··· Input material

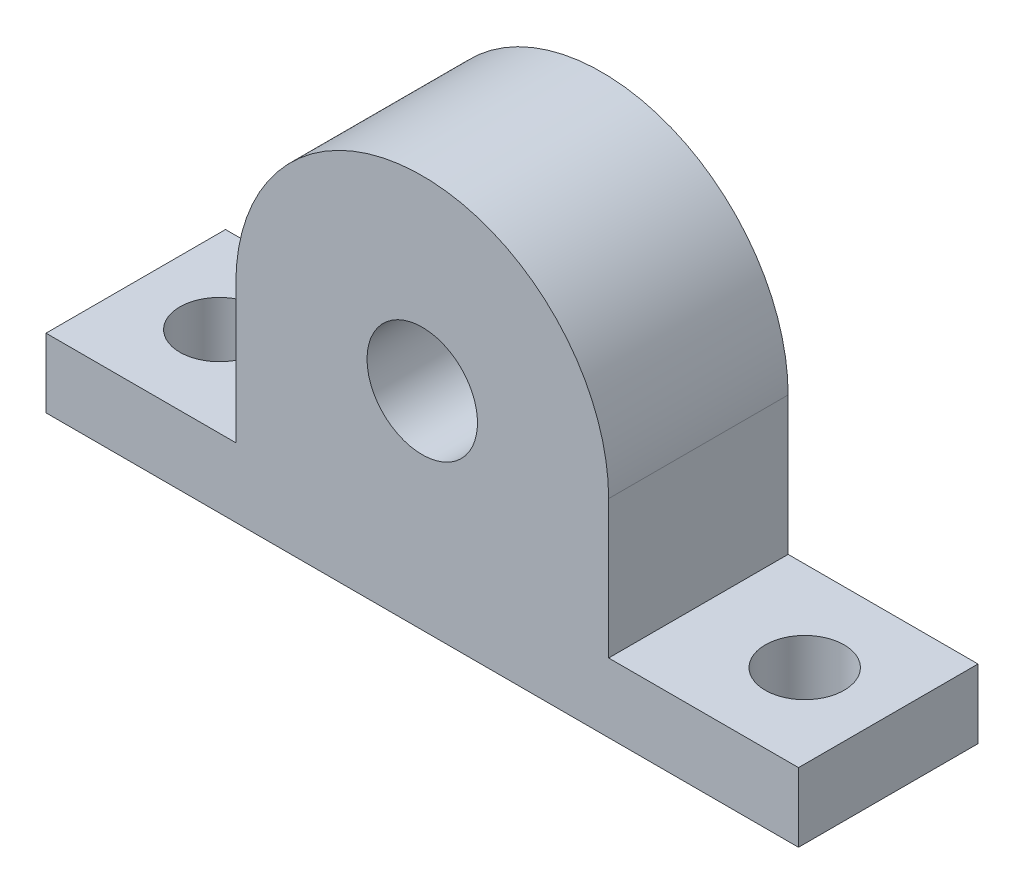
ISO-10303-21;
HEADER;
FILE_DESCRIPTION(('STEP AP214'),'2;1');
FILE_NAME('part.step','',(''),(''),'','','');
FILE_SCHEMA(('AUTOMOTIVE_DESIGN { 1 0 10303 214 1 1 1 1 }'));
ENDSEC;
DATA;
#1=APPLICATION_CONTEXT('core data for automotive mechanical design processes');
#2=APPLICATION_PROTOCOL_DEFINITION('international standard','automotive_design',2000,#1);
#3=PRODUCT_CONTEXT('',#1,'mechanical');
#4=PRODUCT('Part','Part','',(#3));
#5=PRODUCT_RELATED_PRODUCT_CATEGORY('part','',(#4));
#6=PRODUCT_DEFINITION_FORMATION('','',#4);
#7=PRODUCT_DEFINITION_CONTEXT('part definition',#1,'design');
#8=PRODUCT_DEFINITION('design','',#6,#7);
#9=PRODUCT_DEFINITION_SHAPE('','',#8);
#10=(LENGTH_UNIT() NAMED_UNIT(*) SI_UNIT(.MILLI.,.METRE.));
#11=(NAMED_UNIT(*) PLANE_ANGLE_UNIT() SI_UNIT($,.RADIAN.));
#12=(NAMED_UNIT(*) SI_UNIT($,.STERADIAN.) SOLID_ANGLE_UNIT());
#13=UNCERTAINTY_MEASURE_WITH_UNIT(LENGTH_MEASURE(1.E-05),#10,'distance_accuracy_value','');
#14=(GEOMETRIC_REPRESENTATION_CONTEXT(3) GLOBAL_UNCERTAINTY_ASSIGNED_CONTEXT((#13)) GLOBAL_UNIT_ASSIGNED_CONTEXT((#10,
#11,#12)) REPRESENTATION_CONTEXT('',''));
#15=CARTESIAN_POINT('',(0.,0.,0.));
#16=DIRECTION('',(0.,0.,1.));
#17=DIRECTION('',(1.,0.,0.));
#18=AXIS2_PLACEMENT_3D('',#15,#16,#17);
#19=CARTESIAN_POINT('',(27.25,15.,13.));
#20=DIRECTION('',(0.,0.,1.));
#21=DIRECTION('',(1.,0.,0.));
#22=AXIS2_PLACEMENT_3D('',#19,#20,#21);
#23=PLANE('',#22);
#24=DIRECTION('',(0.,-1.,0.));
#25=VECTOR('',#24,1.);
#26=CARTESIAN_POINT('',(0.,0.,13.));
#27=LINE('',#26,#25);
#28=CARTESIAN_POINT('',(0.,5.,13.));
#29=VERTEX_POINT('',#28);
#30=CARTESIAN_POINT('',(0.,0.,13.));
#31=VERTEX_POINT('',#30);
#32=EDGE_CURVE('E144',#29,#31,#27,.T.);
#33=ORIENTED_EDGE('',*,*,#32,.T.);
#34=DIRECTION('',(1.,0.,0.));
#35=VECTOR('',#34,1.);
#36=CARTESIAN_POINT('',(0.,0.,13.));
#37=LINE('',#36,#35);
#38=CARTESIAN_POINT('',(54.5,0.,13.));
#39=VERTEX_POINT('',#38);
#40=EDGE_CURVE('E92',#31,#39,#37,.T.);
#41=ORIENTED_EDGE('',*,*,#40,.T.);
#42=DIRECTION('',(0.,1.,0.));
#43=VECTOR('',#42,1.);
#44=CARTESIAN_POINT('',(54.5,0.,13.));
#45=LINE('',#44,#43);
#46=CARTESIAN_POINT('',(54.5,5.,13.));
#47=VERTEX_POINT('',#46);
#48=EDGE_CURVE('E159',#39,#47,#45,.T.);
#49=ORIENTED_EDGE('',*,*,#48,.T.);
#50=DIRECTION('',(-1.,0.,0.));
#51=VECTOR('',#50,1.);
#52=CARTESIAN_POINT('',(40.75,5.,13.));
#53=LINE('',#52,#51);
#54=CARTESIAN_POINT('',(40.75,5.,13.));
#55=VERTEX_POINT('',#54);
#56=EDGE_CURVE('E172',#47,#55,#53,.T.);
#57=ORIENTED_EDGE('',*,*,#56,.T.);
#58=DIRECTION('',(0.,1.,0.));
#59=VECTOR('',#58,1.);
#60=CARTESIAN_POINT('',(40.75,15.,13.));
#61=LINE('',#60,#59);
#62=CARTESIAN_POINT('',(40.75,15.,13.));
#63=VERTEX_POINT('',#62);
#64=EDGE_CURVE('E111',#55,#63,#61,.T.);
#65=ORIENTED_EDGE('',*,*,#64,.T.);
#66=CARTESIAN_POINT('',(27.25,15.,13.));
#67=DIRECTION('',(0.,0.,1.));
#68=DIRECTION('',(1.,0.,0.));
#69=AXIS2_PLACEMENT_3D('',#66,#67,#68);
#70=CIRCLE('',#69,13.5);
#71=CARTESIAN_POINT('',(13.75,15.,13.));
#72=VERTEX_POINT('',#71);
#73=EDGE_CURVE('E105',#63,#72,#70,.T.);
#74=ORIENTED_EDGE('',*,*,#73,.T.);
#75=DIRECTION('',(0.,-1.,0.));
#76=VECTOR('',#75,1.);
#77=CARTESIAN_POINT('',(13.75,15.,13.));
#78=LINE('',#77,#76);
#79=CARTESIAN_POINT('',(13.75,5.,13.));
#80=VERTEX_POINT('',#79);
#81=EDGE_CURVE('E109',#72,#80,#78,.T.);
#82=ORIENTED_EDGE('',*,*,#81,.T.);
#83=DIRECTION('',(-1.,0.,0.));
#84=VECTOR('',#83,1.);
#85=CARTESIAN_POINT('',(0.,5.,13.));
#86=LINE('',#85,#84);
#87=EDGE_CURVE('E49',#80,#29,#86,.T.);
#88=ORIENTED_EDGE('',*,*,#87,.T.);
#89=EDGE_LOOP('',(#33,#41,#49,#57,#65,#74,#82,#88));
#90=FACE_BOUND('',#89,.T.);
#91=CARTESIAN_POINT('',(27.25,15.,13.));
#92=DIRECTION('',(0.,0.,1.));
#93=DIRECTION('',(1.,0.,0.));
#94=AXIS2_PLACEMENT_3D('',#91,#92,#93);
#95=CIRCLE('',#94,4.);
#96=CARTESIAN_POINT('',(23.25,15.,13.));
#97=VERTEX_POINT('',#96);
#98=EDGE_CURVE('E133',#97,#97,#95,.T.);
#99=ORIENTED_EDGE('',*,*,#98,.F.);
#100=EDGE_LOOP('',(#99));
#101=FACE_BOUND('',#100,.T.);
#102=ADVANCED_FACE('F32',(#90,#101),#23,.T.);
#103=CARTESIAN_POINT('',(27.25,15.,0.));
#104=DIRECTION('',(0.,0.,1.));
#105=DIRECTION('',(1.,0.,0.));
#106=AXIS2_PLACEMENT_3D('',#103,#104,#105);
#107=PLANE('',#106);
#108=DIRECTION('',(0.,-1.,0.));
#109=VECTOR('',#108,1.);
#110=CARTESIAN_POINT('',(0.,0.,0.));
#111=LINE('',#110,#109);
#112=CARTESIAN_POINT('',(0.,5.,0.));
#113=VERTEX_POINT('',#112);
#114=CARTESIAN_POINT('',(0.,0.,0.));
#115=VERTEX_POINT('',#114);
#116=EDGE_CURVE('E129',#113,#115,#111,.T.);
#117=ORIENTED_EDGE('',*,*,#116,.F.);
#118=DIRECTION('',(-1.,0.,0.));
#119=VECTOR('',#118,1.);
#120=CARTESIAN_POINT('',(0.,5.,0.));
#121=LINE('',#120,#119);
#122=CARTESIAN_POINT('',(13.75,5.,0.));
#123=VERTEX_POINT('',#122);
#124=EDGE_CURVE('E84',#123,#113,#121,.T.);
#125=ORIENTED_EDGE('',*,*,#124,.F.);
#126=DIRECTION('',(0.,-1.,0.));
#127=VECTOR('',#126,1.);
#128=CARTESIAN_POINT('',(13.75,15.,0.));
#129=LINE('',#128,#127);
#130=CARTESIAN_POINT('',(13.75,15.,0.));
#131=VERTEX_POINT('',#130);
#132=EDGE_CURVE('E78',#131,#123,#129,.T.);
#133=ORIENTED_EDGE('',*,*,#132,.F.);
#134=CARTESIAN_POINT('',(27.25,15.,0.));
#135=DIRECTION('',(0.,0.,1.));
#136=DIRECTION('',(1.,0.,0.));
#137=AXIS2_PLACEMENT_3D('',#134,#135,#136);
#138=CIRCLE('',#137,13.5);
#139=CARTESIAN_POINT('',(40.75,15.,0.));
#140=VERTEX_POINT('',#139);
#141=EDGE_CURVE('E119',#140,#131,#138,.T.);
#142=ORIENTED_EDGE('',*,*,#141,.F.);
#143=DIRECTION('',(0.,1.,0.));
#144=VECTOR('',#143,1.);
#145=CARTESIAN_POINT('',(40.75,15.,0.));
#146=LINE('',#145,#144);
#147=CARTESIAN_POINT('',(40.75,5.,0.));
#148=VERTEX_POINT('',#147);
#149=EDGE_CURVE('E139',#148,#140,#146,.T.);
#150=ORIENTED_EDGE('',*,*,#149,.F.);
#151=DIRECTION('',(-1.,0.,0.));
#152=VECTOR('',#151,1.);
#153=CARTESIAN_POINT('',(40.75,5.,0.));
#154=LINE('',#153,#152);
#155=CARTESIAN_POINT('',(54.5,5.,0.));
#156=VERTEX_POINT('',#155);
#157=EDGE_CURVE('E137',#156,#148,#154,.T.);
#158=ORIENTED_EDGE('',*,*,#157,.F.);
#159=DIRECTION('',(0.,1.,0.));
#160=VECTOR('',#159,1.);
#161=CARTESIAN_POINT('',(54.5,0.,0.));
#162=LINE('',#161,#160);
#163=CARTESIAN_POINT('',(54.5,0.,0.));
#164=VERTEX_POINT('',#163);
#165=EDGE_CURVE('E135',#164,#156,#162,.T.);
#166=ORIENTED_EDGE('',*,*,#165,.F.);
#167=DIRECTION('',(1.,0.,0.));
#168=VECTOR('',#167,1.);
#169=CARTESIAN_POINT('',(0.,0.,0.));
#170=LINE('',#169,#168);
#171=EDGE_CURVE('E132',#115,#164,#170,.T.);
#172=ORIENTED_EDGE('',*,*,#171,.F.);
#173=EDGE_LOOP('',(#117,#125,#133,#142,#150,#158,#166,#172));
#174=FACE_BOUND('',#173,.T.);
#175=CARTESIAN_POINT('',(27.25,15.,0.));
#176=DIRECTION('',(0.,0.,1.));
#177=DIRECTION('',(1.,0.,0.));
#178=AXIS2_PLACEMENT_3D('',#175,#176,#177);
#179=CIRCLE('',#178,4.);
#180=CARTESIAN_POINT('',(23.25,15.,0.));
#181=VERTEX_POINT('',#180);
#182=EDGE_CURVE('E178',#181,#181,#179,.T.);
#183=ORIENTED_EDGE('',*,*,#182,.T.);
#184=EDGE_LOOP('',(#183));
#185=FACE_BOUND('',#184,.T.);
#186=ADVANCED_FACE('F163',(#174,#185),#107,.F.);
#187=CARTESIAN_POINT('',(0.,0.,13.));
#188=DIRECTION('',(1.,0.,0.));
#189=DIRECTION('',(0.,0.,-1.));
#190=AXIS2_PLACEMENT_3D('',#187,#188,#189);
#191=PLANE('',#190);
#192=ORIENTED_EDGE('',*,*,#116,.T.);
#193=DIRECTION('',(0.,0.,-1.));
#194=VECTOR('',#193,1.);
#195=CARTESIAN_POINT('',(0.,0.,13.));
#196=LINE('',#195,#194);
#197=EDGE_CURVE('E11',#31,#115,#196,.T.);
#198=ORIENTED_EDGE('',*,*,#197,.F.);
#199=ORIENTED_EDGE('',*,*,#32,.F.);
#200=DIRECTION('',(0.,0.,-1.));
#201=VECTOR('',#200,1.);
#202=CARTESIAN_POINT('',(0.,5.,13.));
#203=LINE('',#202,#201);
#204=EDGE_CURVE('E125',#29,#113,#203,.T.);
#205=ORIENTED_EDGE('',*,*,#204,.T.);
#206=EDGE_LOOP('',(#192,#198,#199,#205));
#207=FACE_BOUND('',#206,.T.);
#208=ADVANCED_FACE('F34',(#207),#191,.F.);
#209=CARTESIAN_POINT('',(0.,0.,13.));
#210=DIRECTION('',(0.,1.,0.));
#211=DIRECTION('',(0.,0.,1.));
#212=AXIS2_PLACEMENT_3D('',#209,#210,#211);
#213=PLANE('',#212);
#214=CARTESIAN_POINT('',(6.05,0.,6.49999999999999));
#215=DIRECTION('',(0.,1.,0.));
#216=DIRECTION('',(0.,0.,1.));
#217=AXIS2_PLACEMENT_3D('',#214,#215,#216);
#218=CIRCLE('',#217,2.85374590165543);
#219=CARTESIAN_POINT('',(3.19625409834457,0.,6.49999999999999));
#220=VERTEX_POINT('',#219);
#221=EDGE_CURVE('E189',#220,#220,#218,.T.);
#222=ORIENTED_EDGE('',*,*,#221,.T.);
#223=EDGE_LOOP('',(#222));
#224=FACE_BOUND('',#223,.T.);
#225=CARTESIAN_POINT('',(48.45,0.,6.5));
#226=DIRECTION('',(0.,1.,0.));
#227=DIRECTION('',(0.,0.,1.));
#228=AXIS2_PLACEMENT_3D('',#225,#226,#227);
#229=CIRCLE('',#228,2.85374590165543);
#230=CARTESIAN_POINT('',(45.5962540983446,0.,6.5));
#231=VERTEX_POINT('',#230);
#232=EDGE_CURVE('E181',#231,#231,#229,.T.);
#233=ORIENTED_EDGE('',*,*,#232,.T.);
#234=EDGE_LOOP('',(#233));
#235=FACE_BOUND('',#234,.T.);
#236=ORIENTED_EDGE('',*,*,#171,.T.);
#237=DIRECTION('',(0.,0.,-1.));
#238=VECTOR('',#237,1.);
#239=CARTESIAN_POINT('',(54.5,0.,13.));
#240=LINE('',#239,#238);
#241=EDGE_CURVE('E41',#39,#164,#240,.T.);
#242=ORIENTED_EDGE('',*,*,#241,.F.);
#243=ORIENTED_EDGE('',*,*,#40,.F.);
#244=ORIENTED_EDGE('',*,*,#197,.T.);
#245=EDGE_LOOP('',(#236,#242,#243,#244));
#246=FACE_BOUND('',#245,.T.);
#247=ADVANCED_FACE('F242',(#224,#235,#246),#213,.F.);
#248=CARTESIAN_POINT('',(54.5,0.,13.));
#249=DIRECTION('',(-1.,0.,0.));
#250=DIRECTION('',(0.,0.,1.));
#251=AXIS2_PLACEMENT_3D('',#248,#249,#250);
#252=PLANE('',#251);
#253=ORIENTED_EDGE('',*,*,#165,.T.);
#254=DIRECTION('',(0.,0.,-1.));
#255=VECTOR('',#254,1.);
#256=CARTESIAN_POINT('',(54.5,5.,13.));
#257=LINE('',#256,#255);
#258=EDGE_CURVE('E151',#47,#156,#257,.T.);
#259=ORIENTED_EDGE('',*,*,#258,.F.);
#260=ORIENTED_EDGE('',*,*,#48,.F.);
#261=ORIENTED_EDGE('',*,*,#241,.T.);
#262=EDGE_LOOP('',(#253,#259,#260,#261));
#263=FACE_BOUND('',#262,.T.);
#264=ADVANCED_FACE('F157',(#263),#252,.F.);
#265=CARTESIAN_POINT('',(40.75,5.,13.));
#266=DIRECTION('',(0.,-1.,0.));
#267=DIRECTION('',(1.,0.,0.));
#268=AXIS2_PLACEMENT_3D('',#265,#266,#267);
#269=PLANE('',#268);
#270=CARTESIAN_POINT('',(48.45,5.,6.5));
#271=DIRECTION('',(0.,1.,0.));
#272=DIRECTION('',(-1.,0.,0.));
#273=AXIS2_PLACEMENT_3D('',#270,#271,#272);
#274=CIRCLE('',#273,2.85374590165543);
#275=CARTESIAN_POINT('',(45.5962540983446,5.,6.5));
#276=VERTEX_POINT('',#275);
#277=EDGE_CURVE('E186',#276,#276,#274,.T.);
#278=ORIENTED_EDGE('',*,*,#277,.F.);
#279=EDGE_LOOP('',(#278));
#280=FACE_BOUND('',#279,.T.);
#281=ORIENTED_EDGE('',*,*,#157,.T.);
#282=DIRECTION('',(0.,0.,-1.));
#283=VECTOR('',#282,1.);
#284=CARTESIAN_POINT('',(40.75,5.,13.));
#285=LINE('',#284,#283);
#286=EDGE_CURVE('E148',#55,#148,#285,.T.);
#287=ORIENTED_EDGE('',*,*,#286,.F.);
#288=ORIENTED_EDGE('',*,*,#56,.F.);
#289=ORIENTED_EDGE('',*,*,#258,.T.);
#290=EDGE_LOOP('',(#281,#287,#288,#289));
#291=FACE_BOUND('',#290,.T.);
#292=ADVANCED_FACE('F168',(#280,#291),#269,.F.);
#293=CARTESIAN_POINT('',(40.75,15.,13.));
#294=DIRECTION('',(-1.,0.,0.));
#295=DIRECTION('',(0.,0.,1.));
#296=AXIS2_PLACEMENT_3D('',#293,#294,#295);
#297=PLANE('',#296);
#298=ORIENTED_EDGE('',*,*,#149,.T.);
#299=DIRECTION('',(0.,0.,-1.));
#300=VECTOR('',#299,1.);
#301=CARTESIAN_POINT('',(40.75,15.,13.));
#302=LINE('',#301,#300);
#303=EDGE_CURVE('E120',#63,#140,#302,.T.);
#304=ORIENTED_EDGE('',*,*,#303,.F.);
#305=ORIENTED_EDGE('',*,*,#64,.F.);
#306=ORIENTED_EDGE('',*,*,#286,.T.);
#307=EDGE_LOOP('',(#298,#304,#305,#306));
#308=FACE_BOUND('',#307,.T.);
#309=ADVANCED_FACE('F171',(#308),#297,.F.);
#310=CARTESIAN_POINT('',(27.25,15.,13.));
#311=DIRECTION('',(0.,0.,-1.));
#312=DIRECTION('',(-1.,0.,0.));
#313=AXIS2_PLACEMENT_3D('',#310,#311,#312);
#314=CYLINDRICAL_SURFACE('',#313,13.5);
#315=ORIENTED_EDGE('',*,*,#141,.T.);
#316=DIRECTION('',(0.,0.,-1.));
#317=VECTOR('',#316,1.);
#318=CARTESIAN_POINT('',(13.75,15.,13.));
#319=LINE('',#318,#317);
#320=EDGE_CURVE('E116',#72,#131,#319,.T.);
#321=ORIENTED_EDGE('',*,*,#320,.F.);
#322=ORIENTED_EDGE('',*,*,#73,.F.);
#323=ORIENTED_EDGE('',*,*,#303,.T.);
#324=EDGE_LOOP('',(#315,#321,#322,#323));
#325=FACE_BOUND('',#324,.T.);
#326=ADVANCED_FACE('F117',(#325),#314,.T.);
#327=CARTESIAN_POINT('',(13.75,15.,13.));
#328=DIRECTION('',(1.,0.,0.));
#329=DIRECTION('',(0.,0.,-1.));
#330=AXIS2_PLACEMENT_3D('',#327,#328,#329);
#331=PLANE('',#330);
#332=ORIENTED_EDGE('',*,*,#132,.T.);
#333=DIRECTION('',(0.,0.,-1.));
#334=VECTOR('',#333,1.);
#335=CARTESIAN_POINT('',(13.75,5.,13.));
#336=LINE('',#335,#334);
#337=EDGE_CURVE('E121',#80,#123,#336,.T.);
#338=ORIENTED_EDGE('',*,*,#337,.F.);
#339=ORIENTED_EDGE('',*,*,#81,.F.);
#340=ORIENTED_EDGE('',*,*,#320,.T.);
#341=EDGE_LOOP('',(#332,#338,#339,#340));
#342=FACE_BOUND('',#341,.T.);
#343=ADVANCED_FACE('F123',(#342),#331,.F.);
#344=CARTESIAN_POINT('',(0.,5.,13.));
#345=DIRECTION('',(0.,-1.,0.));
#346=DIRECTION('',(1.,0.,0.));
#347=AXIS2_PLACEMENT_3D('',#344,#345,#346);
#348=PLANE('',#347);
#349=CARTESIAN_POINT('',(6.05,5.,6.49999999999999));
#350=DIRECTION('',(0.,1.,0.));
#351=DIRECTION('',(1.,0.,0.));
#352=AXIS2_PLACEMENT_3D('',#349,#350,#351);
#353=CIRCLE('',#352,2.85374590165543);
#354=CARTESIAN_POINT('',(3.19625409834457,5.,6.49999999999999));
#355=VERTEX_POINT('',#354);
#356=EDGE_CURVE('E192',#355,#355,#353,.T.);
#357=ORIENTED_EDGE('',*,*,#356,.F.);
#358=EDGE_LOOP('',(#357));
#359=FACE_BOUND('',#358,.T.);
#360=ORIENTED_EDGE('',*,*,#124,.T.);
#361=ORIENTED_EDGE('',*,*,#204,.F.);
#362=ORIENTED_EDGE('',*,*,#87,.F.);
#363=ORIENTED_EDGE('',*,*,#337,.T.);
#364=EDGE_LOOP('',(#360,#361,#362,#363));
#365=FACE_BOUND('',#364,.T.);
#366=ADVANCED_FACE('F199',(#359,#365),#348,.F.);
#367=CARTESIAN_POINT('',(27.25,15.,13.));
#368=DIRECTION('',(0.,0.,-1.));
#369=DIRECTION('',(-1.,0.,0.));
#370=AXIS2_PLACEMENT_3D('',#367,#368,#369);
#371=CYLINDRICAL_SURFACE('',#370,4.);
#372=CARTESIAN_POINT('',(23.25,15.,13.));
#373=CARTESIAN_POINT('',(23.25,15.,12.8645833333333));
#374=CARTESIAN_POINT('',(23.25,15.,12.7291666666667));
#375=CARTESIAN_POINT('',(23.25,15.,12.4583333333333));
#376=CARTESIAN_POINT('',(23.25,15.,12.3229166666667));
#377=CARTESIAN_POINT('',(23.25,15.,12.0520833333333));
#378=CARTESIAN_POINT('',(23.25,15.,11.9166666666667));
#379=CARTESIAN_POINT('',(23.25,15.,11.6458333333333));
#380=CARTESIAN_POINT('',(23.25,15.,11.5104166666667));
#381=CARTESIAN_POINT('',(23.25,15.,11.2395833333333));
#382=CARTESIAN_POINT('',(23.25,15.,11.1041666666667));
#383=CARTESIAN_POINT('',(23.25,15.,10.8333333333333));
#384=CARTESIAN_POINT('',(23.25,15.,10.6979166666667));
#385=CARTESIAN_POINT('',(23.25,15.,10.4270833333333));
#386=CARTESIAN_POINT('',(23.25,15.,10.2916666666667));
#387=CARTESIAN_POINT('',(23.25,15.,10.0208333333333));
#388=CARTESIAN_POINT('',(23.25,15.,9.88541666666667));
#389=CARTESIAN_POINT('',(23.25,15.,9.61458333333333));
#390=CARTESIAN_POINT('',(23.25,15.,9.47916666666667));
#391=CARTESIAN_POINT('',(23.25,15.,9.20833333333333));
#392=CARTESIAN_POINT('',(23.25,15.,9.07291666666667));
#393=CARTESIAN_POINT('',(23.25,15.,8.80208333333333));
#394=CARTESIAN_POINT('',(23.25,15.,8.66666666666667));
#395=CARTESIAN_POINT('',(23.25,15.,8.39583333333333));
#396=CARTESIAN_POINT('',(23.25,15.,8.26041666666667));
#397=CARTESIAN_POINT('',(23.25,15.,7.98958333333333));
#398=CARTESIAN_POINT('',(23.25,15.,7.85416666666667));
#399=CARTESIAN_POINT('',(23.25,15.,7.58333333333333));
#400=CARTESIAN_POINT('',(23.25,15.,7.44791666666667));
#401=CARTESIAN_POINT('',(23.25,15.,7.17708333333333));
#402=CARTESIAN_POINT('',(23.25,15.,7.04166666666667));
#403=CARTESIAN_POINT('',(23.25,15.,6.77083333333333));
#404=CARTESIAN_POINT('',(23.25,15.,6.63541666666667));
#405=CARTESIAN_POINT('',(23.25,15.,6.36458333333333));
#406=CARTESIAN_POINT('',(23.25,15.,6.22916666666667));
#407=CARTESIAN_POINT('',(23.25,15.,5.95833333333333));
#408=CARTESIAN_POINT('',(23.25,15.,5.82291666666667));
#409=CARTESIAN_POINT('',(23.25,15.,5.55208333333333));
#410=CARTESIAN_POINT('',(23.25,15.,5.41666666666667));
#411=CARTESIAN_POINT('',(23.25,15.,5.14583333333333));
#412=CARTESIAN_POINT('',(23.25,15.,5.01041666666667));
#413=CARTESIAN_POINT('',(23.25,15.,4.73958333333333));
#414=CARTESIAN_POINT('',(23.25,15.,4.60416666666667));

······

Activity = Copy out the lines above exactly, beginning at the one that contains "#149=EDGE_CURVE('E139',#148,#140,#146,.T.);" and ending at the one that contains "#168=VECTOR('',#167,1.);".

Exercise response =
#149=EDGE_CURVE('E139',#148,#140,#146,.T.);
#150=ORIENTED_EDGE('',*,*,#149,.F.);
#151=DIRECTION('',(-1.,0.,0.));
#152=VECTOR('',#151,1.);
#153=CARTESIAN_POINT('',(40.75,5.,0.));
#154=LINE('',#153,#152);
#155=CARTESIAN_POINT('',(54.5,5.,0.));
#156=VERTEX_POINT('',#155);
#157=EDGE_CURVE('E137',#156,#148,#154,.T.);
#158=ORIENTED_EDGE('',*,*,#157,.F.);
#159=DIRECTION('',(0.,1.,0.));
#160=VECTOR('',#159,1.);
#161=CARTESIAN_POINT('',(54.5,0.,0.));
#162=LINE('',#161,#160);
#163=CARTESIAN_POINT('',(54.5,0.,0.));
#164=VERTEX_POINT('',#163);
#165=EDGE_CURVE('E135',#164,#156,#162,.T.);
#166=ORIENTED_EDGE('',*,*,#165,.F.);
#167=DIRECTION('',(1.,0.,0.));
#168=VECTOR('',#167,1.);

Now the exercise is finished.